* _TASK ITEM_
Where in the records does the word "LOGO" occur? Copy each line in which it does.

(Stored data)
--- START ---

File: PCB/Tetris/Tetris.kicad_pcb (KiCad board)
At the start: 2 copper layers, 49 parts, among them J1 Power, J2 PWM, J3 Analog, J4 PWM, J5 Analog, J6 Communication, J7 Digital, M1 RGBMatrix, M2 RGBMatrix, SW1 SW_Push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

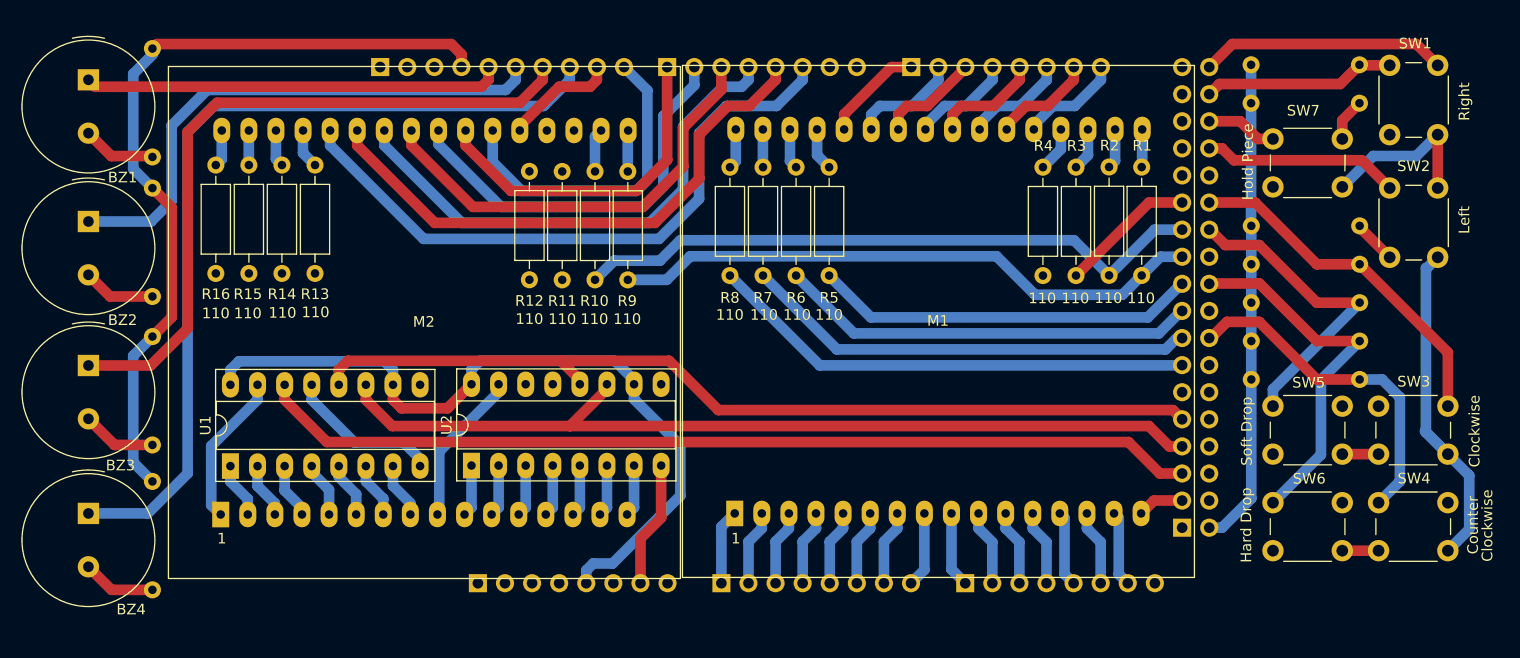
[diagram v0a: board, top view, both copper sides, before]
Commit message: Finished PCB
Finish PCB,
will still have to double check it
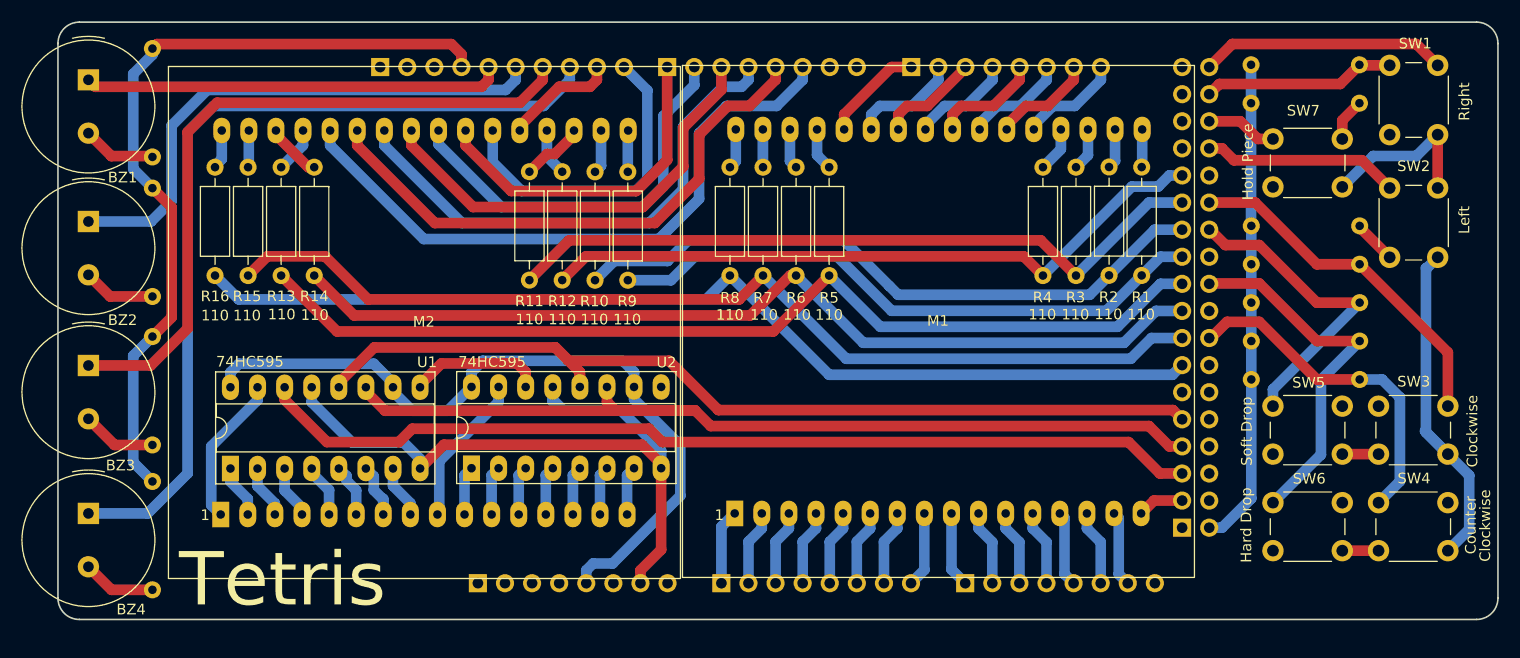
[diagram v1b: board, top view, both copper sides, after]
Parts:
- moved R13 3.18 mm to (103.9, 91.6)
- moved R12 3.08 mm to (130.3, 102.2)
- moved R11 3.08 mm to (127.2, 102.2)
- moved R14 3.03 mm to (107.0, 91.6)
- moved U2 0.25 mm to (121.8, 119.8)
- moved U1 0.23 mm to (99.2, 119.8)
- moved R15 0.21 mm to (100.8, 91.6)
- moved R16 0.21 mm to (97.7, 91.6)
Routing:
- net /28: track 0.00 -> 63.7 mm
- net /36: track 36.0 -> 92.5 mm
- net /30: track 12.8 -> 66.9 mm
- net /40: track 42.6 -> 94.9 mm
- net /42: track 45.9 -> 96.7 mm
- net /38: track 39.3 -> 88.3 mm
- net GND: track 147.9 -> 189.8 mm
- net Net-(U1-QH'): track 0.00 -> 12.5 mm
- net Net-(M2-P_3): track 0.00 -> 6.02 mm
- net Net-(M2-P_4): track 0.00 -> 4.46 mm
- net /48: track 85.1 -> 89.1 mm
- net /*46: track 86.0 -> 89.9 mm
- net Net-(M2-P_6): track 3.57 -> 5.25 mm
- net /32: track 59.7 -> 61.2 mm
- net /S7: track 5.21 -> 6.47 mm
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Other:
- board outline added: 135 x 56 mm
- board text added: "Jonathan Cai 2023"
- board text added: "Tetris"

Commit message: Added funnyjoke
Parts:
- added G1: LOGO, LOGO, F.Cu at (165.8, 95.7)
- added Mr. G: LOGO, LOGO, F.Cu at (165.3, 106.7)

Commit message: Sync changes
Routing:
- net /23: track 18.0 -> 32.2 mm
- net GND: track 189.8 -> 188.9 mm

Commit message: Sync Changes
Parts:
- moved R2 3.40 mm to (178.2, 102.6)
- moved R3 3.40 mm to (175.1, 102.6)
- moved R1 3.40 mm to (181.3, 102.6)
- moved R4 3.40 mm to (172.0, 102.6)
- moved G1 2.09 mm to (163.7, 95.8)
- moved Mr. G 2.01 mm to (163.3, 106.9)
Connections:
- R1 pad 1: /34 -> /28
- R10 pad 1: /32 -> /26
- R11 pad 1: /30 -> /24
- R12 pad 1: /28 -> /22
- R13 pad 2: /36 -> /30
- R14 pad 2: /38 -> /32
- R15 pad 2: /40 -> /34
- R16 pad 2: /42 -> /36
- R2 pad 1: /32 -> /26
- R3 pad 1: /30 -> /24
- R4 pad 1: /28 -> /22
- R5 pad 2: /36 -> /30
- R6 pad 2: /38 -> /32
- R7 pad 2: /40 -> /34
- R8 pad 2: /42 -> /36
- R9 pad 1: /34 -> /28
- U1 pad 11: /48 -> /42
- U1 pad 12: /*46 -> /40
- U1 pad 14: /50 -> /*44
- U1 pad 9: Net-(U1-QH') -> unconnected-(U1-QH'-Pad9)
- U2 pad 11: /48 -> /*46
- U2 pad 12: /*46 -> /48
- U2 pad 14: Net-(U1-QH') -> /50
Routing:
- net /38: track 88.3 -> 0.00 mm
- net /*44: track 0.00 -> 87.7 mm
- net /24: track 0.00 -> 72.0 mm
- net /22: track 0.00 -> 70.0 mm
- net /26: track 0.00 -> 66.8 mm
- net /30: track 66.9 -> 113.0 mm
- net /34: track 57.1 -> 98.4 mm
- net /*46: track 89.9 -> 56.0 mm
- net /32: track 61.2 -> 92.0 mm
- net /48: track 89.1 -> 59.3 mm
- net /50: track 89.2 -> 65.1 mm
- net /42: track 96.7 -> 77.7 mm
- net /40: track 94.9 -> 81.2 mm
- net Net-(U1-QH'): track 12.5 -> 0.00 mm
- net /23: track 32.2 -> 20.9 mm
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
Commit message: snyc
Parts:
- moved G1 0.35 mm to (164.0, 96.0)
- moved Mr. G 0.35 mm to (163.6, 107.1)
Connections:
- R1 pad 1: /28 -> /30
- R10 pad 1: /26 -> /28
- R11 pad 1: /24 -> /26
- R12 pad 1: /22 -> /24
- R13 pad 2: /30 -> /32
- R14 pad 2: /32 -> /34
- R15 pad 2: /34 -> /36
- R16 pad 2: /36 -> /38
- R2 pad 1: /26 -> /28
- R3 pad 1: /24 -> /26
- R4 pad 1: /22 -> /24
- R5 pad 2: /30 -> /32
- R6 pad 2: /32 -> /34
- R7 pad 2: /34 -> /36
- R8 pad 2: /36 -> /38
- R9 pad 1: /28 -> /30
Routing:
- net /38: track 0.00 -> 98.3 mm
- net /22: track 70.0 -> 0.00 mm
- net /30: track 113.0 -> 60.6 mm
- net /34: track 98.4 -> 89.9 mm
- net /32: track 92.0 -> 99.3 mm
- net /24: track 72.0 -> 67.9 mm
- net /26: track 66.8 -> 70.6 mm
- net /36: track 99.4 -> 96.5 mm
- net /28: track 63.5 -> 64.7 mm
- net GND: track 180.0 -> 181.0 mm
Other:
- board text added: "TETRIS"
- board text removed: "Tetris"

--- END ---

* _SOLUTION FOR THIS PROBLEM_
- added G1: LOGO, LOGO, F.Cu at (165.8, 95.7)
- added Mr. G: LOGO, LOGO, F.Cu at (165.3, 106.7)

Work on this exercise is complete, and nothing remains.